──────── Source material ────────

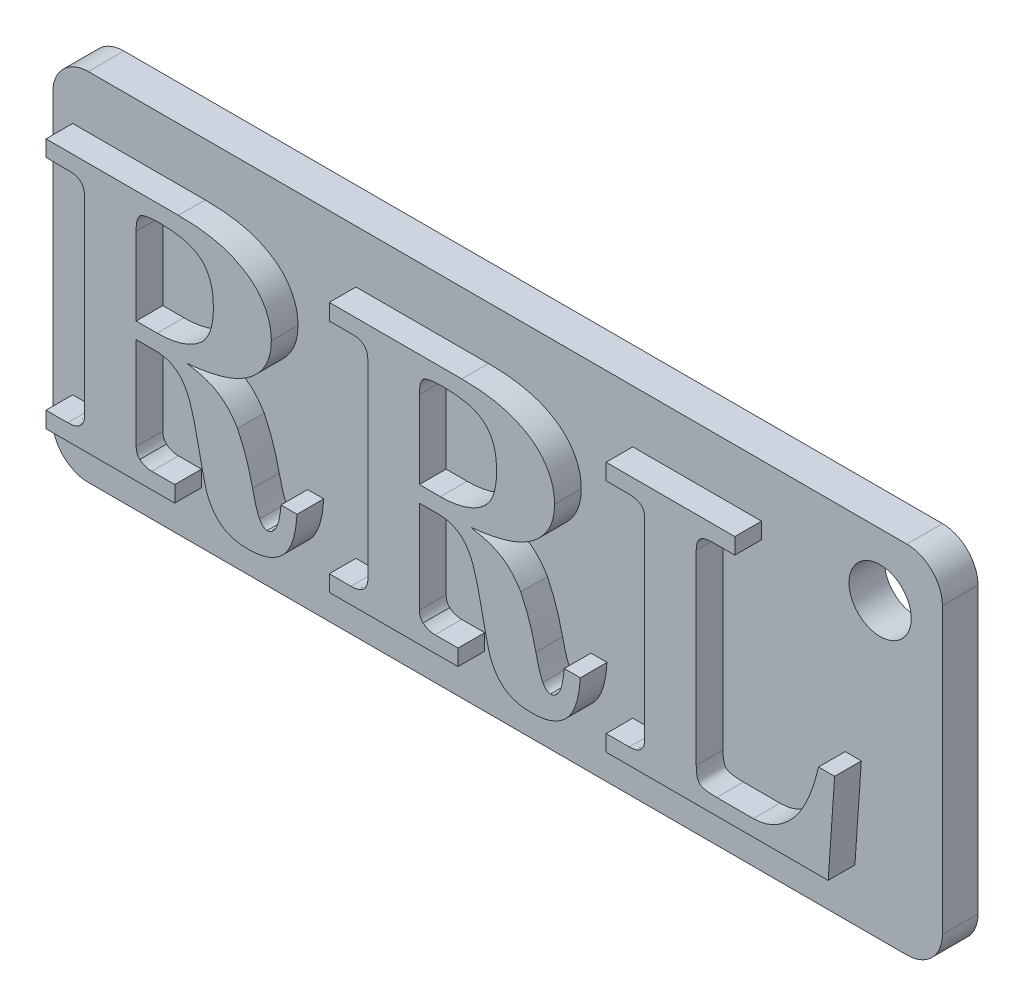
from build123d import *

# Parameters (mm, degrees)
BOSS_EXTRUDE2_DEPTH = 2
BOSS_EXTRUDE1_DEPTH = 1.5
SKETCH3_R           = 1.75
CUT_EXTRUDE1_DEPTH  = 28.00000013


with BuildPart() as part:
    # Sketch2 → Boss-Extrude2 (new body)
    with BuildSketch(Plane.XY):
        with BuildLine():
            Line((-23, 10), (23, 10))
            ThreePointArc((23, 10), (24.414213562, 9.414213562), (25, 8))
            Line((25, 8), (25, -8))
            ThreePointArc((25, -8), (24.414213562, -9.414213562), (23, -10))
            Line((23, -10), (-23, -10))
            ThreePointArc((-23, -10), (-24.414213562, -9.414213562), (-25, -8))
            Line((-25, -8), (-25, 8))
            ThreePointArc((-25, 8), (-24.414213562, 9.414213562), (-23, 10))
        make_face()
    extrude(amount=BOSS_EXTRUDE2_DEPTH)

    # Sketch1 → Boss-Extrude1 (add)
    # profile 1 of 3: a face of its own
    with BuildSketch(Plane.XY.offset(2)):
        with BuildLine():
            Line((-23.879854655, 7.033446067), (-16.434390066, 7.033446067))
            add(Edge.make_bspline(
                [(-16.434390066, 7.033446067), (-16.28644785, 7.031352707), (-15.997972672, 7.027270827), (-15.575369473, 7.009028035), (-15.173759002, 6.971533279), (-14.792606045, 6.921594787), (-14.433203053, 6.856582779), (-14.094719909, 6.778664205), (-13.77861296, 6.680982828), (-13.480275493, 6.575210678), (-13.203999967, 6.452394246), (-12.944729377, 6.322594414), (-12.703806291, 6.18109186), (-12.481120798, 6.028807636), (-12.275748112, 5.867797563), (-12.091236537, 5.693918725), (-11.923615812, 5.509844815), (-11.726432406, 5.252368793), (-11.521349462, 4.911655966), (-11.342988861, 4.475488499), (-11.234788707, 4.016061131), (-11.222533245, 3.701370445), (-11.216346166, 3.542501205)],
                knots=[0, 0, 0, 0, 1.260796864, 2.458450407, 3.603348749, 4.696868034, 5.733149247, 6.714703153, 7.654483761, 8.551049231, 9.410311666, 10.229003047, 11.020794849, 11.789116025, 12.526438116, 13.242153704, 13.946977727, 14.645554491, 16.003253973, 17.321296627, 18.647676625, 20, 20, 20, 20], degree=3))
            add(Edge.make_bspline(
                [(-11.216346166, 3.542501205), (-11.22076795, 3.415957446), (-11.229473547, 3.166818431), (-11.296193063, 2.801869323), (-11.405325188, 2.455047707), (-11.564422385, 2.129492582), (-11.763767139, 1.821192747), (-12.009071209, 1.5319729), (-12.298720449, 1.261744386), (-12.517572982, 1.104489539), (-12.629684167, 1.023932887)],
                knots=[0, 0, 0, 0, 1.006615866, 1.981822625, 2.942272039, 3.891414032, 4.85650664, 5.856958922, 6.902188287, 8, 8, 8, 8], degree=3))
            add(Edge.make_bspline(
                [(-12.629684167, 1.023932887), (-12.723813976, 0.963727574), (-12.919888763, 0.838318375), (-13.245291916, 0.679700853), (-13.607248146, 0.539009732), (-14.003929379, 0.41238305), (-14.43599877, 0.29973399), (-14.904956832, 0.203956118), (-15.409652588, 0.125086863), (-15.759569432, 0.087742759), (-15.939721765, 0.068516399)],
                knots=[0, 0, 0, 0, 0.770522959, 1.605018928, 2.492419048, 3.448517842, 4.476706657, 5.572020456, 6.749971061, 8, 8, 8, 8], degree=3))
            add(Edge.make_bspline(
                [(-15.939721765, 0.068516399), (-15.761077695, 0.036383824), (-15.422649511, -0.024489001), (-14.951234496, -0.152516269), (-14.545504793, -0.310760309), (-14.194877287, -0.496914365), (-13.889187606, -0.726705083), (-13.608357707, -0.997148456), (-13.346452262, -1.316597641), (-13.194437982, -1.555102764), (-13.11587244, -1.67836937)],
                knots=[0, 0, 0, 0, 1.260855103, 2.388598191, 3.387941535, 4.281421676, 5.137767289, 6.036055688, 6.984974634, 8, 8, 8, 8], degree=3))
            add(Edge.make_bspline(
                [(-13.11587244, -1.67836937), (-13.030180935, -1.859986548), (-12.853481994, -2.234487648), (-12.634764059, -2.837400201), (-12.431070817, -3.488378561), (-12.323416858, -3.944584694), (-12.267869639, -4.179977632)],
                knots=[0, 0, 0, 0, 0.909803941, 1.87604819, 2.904084753, 4, 4, 4, 4], degree=3))
            add(Edge.make_bspline(
                [(-12.267869639, -4.179977632), (-12.234897225, -4.323428246), (-12.174117715, -4.587857109), (-12.077758989, -4.94634304), (-11.980853863, -5.232021281), (-11.907118312, -5.393058831), (-11.874961675, -5.463288537)],
                knots=[0, 0, 0, 0, 1.313125144, 2.420541671, 3.311186147, 4, 4, 4, 4], degree=3))
            add(Edge.make_bspline(
                [(-11.874961675, -5.463288537), (-11.845184591, -5.515866589), (-11.790658194, -5.612145047), (-11.684048133, -5.721449923), (-11.57231513, -5.79676793), (-11.490575684, -5.806333626), (-11.450960274, -5.810969685)],
                knots=[0, 0, 0, 0, 1.257126063, 2.301990172, 3.177051494, 4, 4, 4, 4], degree=3))
            add(Edge.make_bspline(
                [(-11.450960274, -5.810969685), (-11.398031055, -5.806398027), (-11.292798309, -5.797308755), (-11.148951923, -5.710731525), (-11.026464675, -5.577507542), (-10.919004565, -5.395607047), (-10.834912627, -5.161997462), (-10.761975757, -4.881065362), (-10.706661905, -4.548991616), (-10.685117497, -4.310193849), (-10.673624374, -4.182804308)],
                knots=[0, 0, 0, 0, 0.646043871, 1.28445065, 2.005958554, 2.858823567, 3.864198261, 5.050731084, 6.426677019, 8, 8, 8, 8], degree=3))
            Line((-10.673624374, -4.182804308), (-9.769088053, -4.182804308))
            add(Edge.make_bspline(
                [(-9.769088053, -4.182804308), (-9.778959747, -4.315799238), (-9.797986738, -4.572137544), (-9.848745221, -4.941396593), (-9.917743906, -5.2810371), (-10.009833649, -5.59123502), (-10.114393832, -5.874866622), (-10.243328072, -6.12773195), (-10.385964295, -6.354001704), (-10.552916642, -6.547519766), (-10.735458386, -6.717185448), (-10.938349357, -6.860555333), (-11.155593551, -6.987018124), (-11.394112243, -7.084815865), (-11.647939178, -7.165563654), (-11.921450949, -7.216533371), (-12.211318565, -7.252586351), (-12.410964808, -7.256309982), (-12.513790451, -7.258227798)],
                knots=[0, 0, 0, 0, 1.367110356, 2.635008363, 3.819206984, 4.916686227, 5.950176123, 6.913653537, 7.822085834, 8.685534134, 9.526475961, 10.371017135, 11.227791915, 12.098023441, 13.008610734, 13.954046558, 14.946253751, 16, 16, 16, 16], degree=3))
            add(Edge.make_bspline(
                [(-12.513790451, -7.258227798), (-12.6573564, -7.254681441), (-12.930420288, -7.247936232), (-13.318849037, -7.175723006), (-13.66361922, -7.059539748), (-13.965093019, -6.891241183), (-14.226880973, -6.678497043), (-14.450698126, -6.419334371), (-14.64642447, -6.120662592), (-14.742623265, -5.897473066), (-14.792091309, -5.782702925)],
                knots=[0, 0, 0, 0, 1.180805118, 2.245903272, 3.239527271, 4.163314747, 5.073219269, 6.002236293, 6.972695423, 8, 8, 8, 8], degree=3))
            add(Edge.make_bspline(
                [(-14.792091309, -5.782702925), (-14.807666035, -5.74235896), (-14.842782835, -5.651394221), (-14.889059549, -5.493938138), (-14.943257105, -5.303033721), (-14.998406906, -5.076244587), (-15.061126569, -4.815380134), (-15.128837268, -4.519677167), (-15.199680244, -4.188015007), (-15.245640845, -3.954854737), (-15.269799553, -3.832296484)],
                knots=[0, 0, 0, 0, 0.51621077, 1.16391579, 1.958305469, 2.886107817, 3.950407662, 5.162257264, 6.508370262, 8, 8, 8, 8], degree=3))
            add(Edge.make_bspline(
                [(-15.269799553, -3.832296484), (-15.298723202, -3.689020302), (-15.35416001, -3.414408544), (-15.438452289, -3.020190858), (-15.522875053, -2.663144814), (-15.604853399, -2.342729521), (-15.68345564, -2.059802267), (-15.759704301, -1.813762898), (-15.83142349, -1.603304325), (-15.927987498, -1.377783771), (-16.05575403, -1.136214018), (-16.226247609, -0.881198027), (-16.424028509, -0.67006751), (-16.641457301, -0.495233867), (-16.887052376, -0.36560259), (-17.155216007, -0.266276748), (-17.45291064, -0.215129199), (-17.659120016, -0.207031802), (-17.765754463, -0.202844497)],
                knots=[0, 0, 0, 0, 1.442191922, 2.764191877, 3.977370359, 5.061944357, 6.027372746, 6.874242926, 7.603428871, 8.219893778, 9.292850582, 10.295949872, 11.236574786, 12.136774613, 13.035292675, 13.964593533, 14.947456001, 16, 16, 16, 16], degree=3))
            Line((-17.765754463, -0.202844497), (-18.814451259, -0.202844497))
            Line((-18.814451259, -0.202844497), (-18.814451259, -5.409581693))
            add(Edge.make_bspline(
                [(-18.814451259, -5.409581693), (-18.811505328, -5.463491265), (-18.805899545, -5.566075261), (-18.770019773, -5.71141511), (-18.704125323, -5.836388075), (-18.641723947, -5.902646648), (-18.610930587, -5.935343429)],
                knots=[0, 0, 0, 0, 1.11562849, 2.122918543, 3.073711999, 4, 4, 4, 4], degree=3))
            add(Edge.make_bspline(
                [(-18.610930587, -5.935343429), (-18.562301396, -5.972383277), (-18.465852871, -6.045846119), (-18.298072587, -6.117469902), (-18.120899461, -6.165983124), (-17.997882672, -6.170492277), (-17.935355023, -6.172784213)],
                knots=[0, 0, 0, 0, 1.000506897, 1.984351599, 2.975475153, 4, 4, 4, 4], degree=3))
            Line((-17.935355023, -6.172784213), (-16.64356409, -6.172784213))
            Line((-16.64356409, -6.172784213), (-16.64356409, -7.077320534))
            Line((-16.64356409, -7.077320534), (-23.879854655, -7.077320534))
            Line((-23.879854655, -7.077320534), (-23.879854655, -6.172784213))
            Line((-23.879854655, -6.172784213), (-22.664383974, -6.172784213))
            add(Edge.make_bspline(
                [(-22.664383974, -6.172784213), (-22.590649327, -6.17038399), (-22.450301114, -6.16581535), (-22.255317564, -6.123788478), (-22.086154642, -6.055998076), (-21.949831222, -5.954798676), (-21.837887659, -5.831198559), (-21.762204268, -5.680686361), (-21.715173678, -5.509448731), (-21.711100291, -5.388243742), (-21.708967485, -5.324781413)],
                knots=[0, 0, 0, 0, 1.215748592, 2.314083659, 3.276082243, 4.200108988, 5.092704252, 6.004076111, 6.954944175, 8, 8, 8, 8], degree=3))
            Line((-21.708967485, -5.324781413), (-21.708967485, 5.280906946))
            add(Edge.make_bspline(
                [(-21.708967485, 5.280906946), (-21.711660255, 5.348917746), (-21.716724467, 5.476823657), (-21.754461244, 5.656520056), (-21.825538493, 5.806676573), (-21.925452751, 5.927294444), (-22.050760093, 6.019637789), (-22.200323917, 6.084959525), (-22.373513104, 6.120316847), (-22.495569907, 6.125947082), (-22.559796962, 6.128909747)],
                knots=[0, 0, 0, 0, 1.186255313, 2.230955505, 3.179282011, 4.054730626, 4.935716216, 5.870269018, 6.87932221, 8, 8, 8, 8], degree=3))
            Line((-22.559796962, 6.128909747), (-23.879854655, 6.128909747))
            Line((-23.879854655, 6.128909747), (-23.879854655, 7.033446067))
        make_face()
        with BuildLine():
            Line((-18.814451259, 0.701691823), (-17.632900691, 0.701691823))
            add(Edge.make_bspline(
                [(-17.632900691, 0.701691823), (-17.505570895, 0.703196933), (-17.256846888, 0.706136992), (-16.894348855, 0.748441548), (-16.551705677, 0.808386519), (-16.229861471, 0.896284453), (-15.929611771, 1.010318245), (-15.647267841, 1.144521566), (-15.388595785, 1.309761854), (-15.231871853, 1.437897187), (-15.153905837, 1.501641132)],
                knots=[0, 0, 0, 0, 1.146952266, 2.240438413, 3.284842864, 4.279918954, 5.24205365, 6.176390374, 7.092802377, 8, 8, 8, 8], degree=3))
            add(Edge.make_bspline(
                [(-15.153905837, 1.501641132), (-15.099480597, 1.555785337), (-14.988977301, 1.665718029), (-14.851233965, 1.861431899), (-14.731595891, 2.080015608), (-14.635182879, 2.326056439), (-14.563639423, 2.598617758), (-14.50959407, 2.896212579), (-14.479342137, 3.220580695), (-14.474957073, 3.445390798), (-14.47267692, 3.562287937)],
                knots=[0, 0, 0, 0, 0.823637118, 1.672286907, 2.560369197, 3.496721298, 4.503762865, 5.584178681, 6.743817119, 8, 8, 8, 8], degree=3))
            add(Edge.make_bspline(
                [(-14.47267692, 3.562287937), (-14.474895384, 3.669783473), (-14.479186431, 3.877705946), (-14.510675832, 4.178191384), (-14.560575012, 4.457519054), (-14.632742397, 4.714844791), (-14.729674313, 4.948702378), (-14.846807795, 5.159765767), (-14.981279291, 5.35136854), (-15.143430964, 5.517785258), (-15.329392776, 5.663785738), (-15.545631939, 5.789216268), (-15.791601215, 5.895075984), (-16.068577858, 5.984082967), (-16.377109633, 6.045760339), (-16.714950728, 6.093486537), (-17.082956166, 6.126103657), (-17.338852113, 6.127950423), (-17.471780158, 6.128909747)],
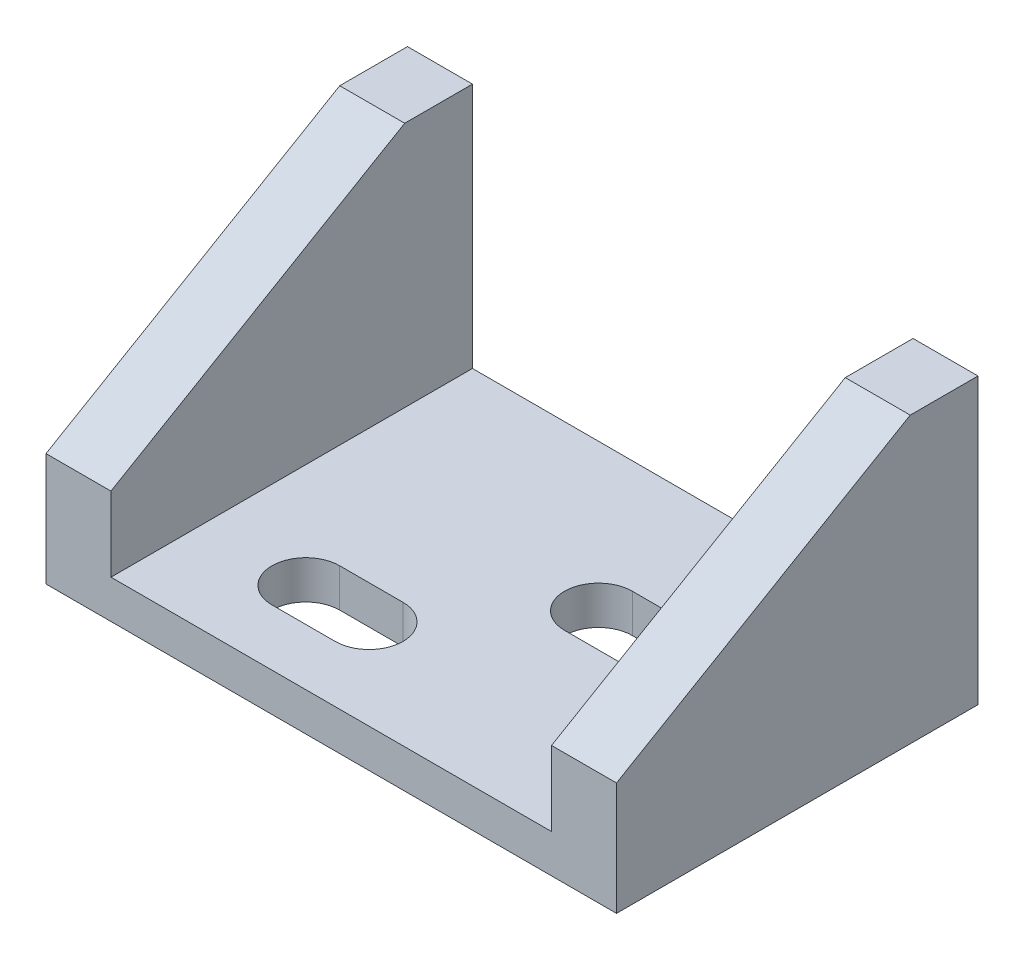
from build123d import *

# Parameters (mm, degrees)
SKETCH1_W           = 25.25
SKETCH1_H           = 16
BOSS_EXTRUDE1_DEPTH = 1.7
BOSS_EXTRUDE3_DEPTH = 12.625
CUT_EXTRUDE7_DEPTH  = 9.75
CUT_EXTRUDE8_REACH  = 21.549


with BuildPart() as part:
    # Sketch1 → Boss-Extrude1 (new body)
    with BuildSketch(Plane(origin=(0, 0, 0), x_dir=(1, 0, 0), z_dir=(0, 1, 0))):
        Rectangle(SKETCH1_W, SKETCH1_H)
    extrude(amount=BOSS_EXTRUDE1_DEPTH)

    # Sketch5 → Boss-Extrude3 (add, symmetric)
    with BuildSketch(Plane(origin=(0, 0, 0), x_dir=(0, 0, -1), z_dir=(1, 0, 0))):
        Polygon((-8, 1.7), (8, 1.7), (8, 12.6), (5, 12.6), (-8, 5), align=None)
    extrude(amount=BOSS_EXTRUDE3_DEPTH, both=True)

    # Sketch5<2> → Cut-Extrude7 (cut, symmetric)
    with BuildSketch(Plane(origin=(0, 0, 0), x_dir=(0, 0, -1), z_dir=(1, 0, 0))):
        Polygon((-8, 1.7), (8, 1.7), (8, 12.6), (5, 12.6), (-8, 5), align=None)
    extrude(amount=CUT_EXTRUDE7_DEPTH, both=True, mode=Mode.SUBTRACT)

    # Sketch6 → Cut-Extrude8 (cut, up to next)
    with BuildSketch(Plane(origin=(0, 0, 0), x_dir=(1, 0, 0), z_dir=(0, 1, 0)), mode=Mode.PRIVATE) as cut_extrude8_sk1:
        with BuildLine():
            Line((-5.125, -2.5), (-2.325, -2.5))
            ThreePointArc((-2.325, -2.5), (-0.825, -4), (-2.325, -5.5))
            Line((-2.325, -5.5), (-5.125, -5.5))
            ThreePointArc((-5.125, -5.5), (-6.625, -4), (-5.125, -2.5))
        make_face()
    cut_extrude8_tool1 = extrude(cut_extrude8_sk1.sketch, amount=CUT_EXTRUDE8_REACH, mode=Mode.PRIVATE) & part.part
    # Sketch6 → Cut-Extrude8 (cut, up to next)
    with BuildSketch(Plane(origin=(0, 0, 0), x_dir=(1, 0, 0), z_dir=(0, 1, 0)), mode=Mode.PRIVATE) as cut_extrude8_sk2:
        with BuildLine():
            Line((2.325, 0), (5.125, 0))
            ThreePointArc((5.125, 0), (6.625, 1.5), (5.125, 3))
            Line((5.125, 3), (2.325, 3))
            ThreePointArc((2.325, 3), (0.825, 1.5), (2.325, 0))
        make_face()
    cut_extrude8_tool2 = extrude(cut_extrude8_sk2.sketch, amount=CUT_EXTRUDE8_REACH, mode=Mode.PRIVATE) & part.part
    add(cut_extrude8_tool1.solids().sort_by_distance((-3.725, 0, 4))[0], mode=Mode.SUBTRACT)
    add(cut_extrude8_tool2.solids().sort_by_distance((3.725, 0, -1.5))[0], mode=Mode.SUBTRACT)


solid = part.part

────────

» **Required work**
What is asked for is an exact copy of the lines above from the one containing "6.508370262, 8, 8, 8, 8], degree=3))" through the one containing "14.947456001, 16, 16, 16, 16], degree=3))", and only those.

» **Exercise response**
                knots=[0, 0, 0, 0, 0.51621077, 1.16391579, 1.958305469, 2.886107817, 3.950407662, 5.162257264, 6.508370262, 8, 8, 8, 8], degree=3))
            add(Edge.make_bspline(
                [(-15.269799553, -3.832296484), (-15.298723202, -3.689020302), (-15.35416001, -3.414408544), (-15.438452289, -3.020190858), (-15.522875053, -2.663144814), (-15.604853399, -2.342729521), (-15.68345564, -2.059802267), (-15.759704301, -1.813762898), (-15.83142349, -1.603304325), (-15.927987498, -1.377783771), (-16.05575403, -1.136214018), (-16.226247609, -0.881198027), (-16.424028509, -0.67006751), (-16.641457301, -0.495233867), (-16.887052376, -0.36560259), (-17.155216007, -0.266276748), (-17.45291064, -0.215129199), (-17.659120016, -0.207031802), (-17.765754463, -0.202844497)],
                knots=[0, 0, 0, 0, 1.442191922, 2.764191877, 3.977370359, 5.061944357, 6.027372746, 6.874242926, 7.603428871, 8.219893778, 9.292850582, 10.295949872, 11.236574786, 12.136774613, 13.035292675, 13.964593533, 14.947456001, 16, 16, 16, 16], degree=3))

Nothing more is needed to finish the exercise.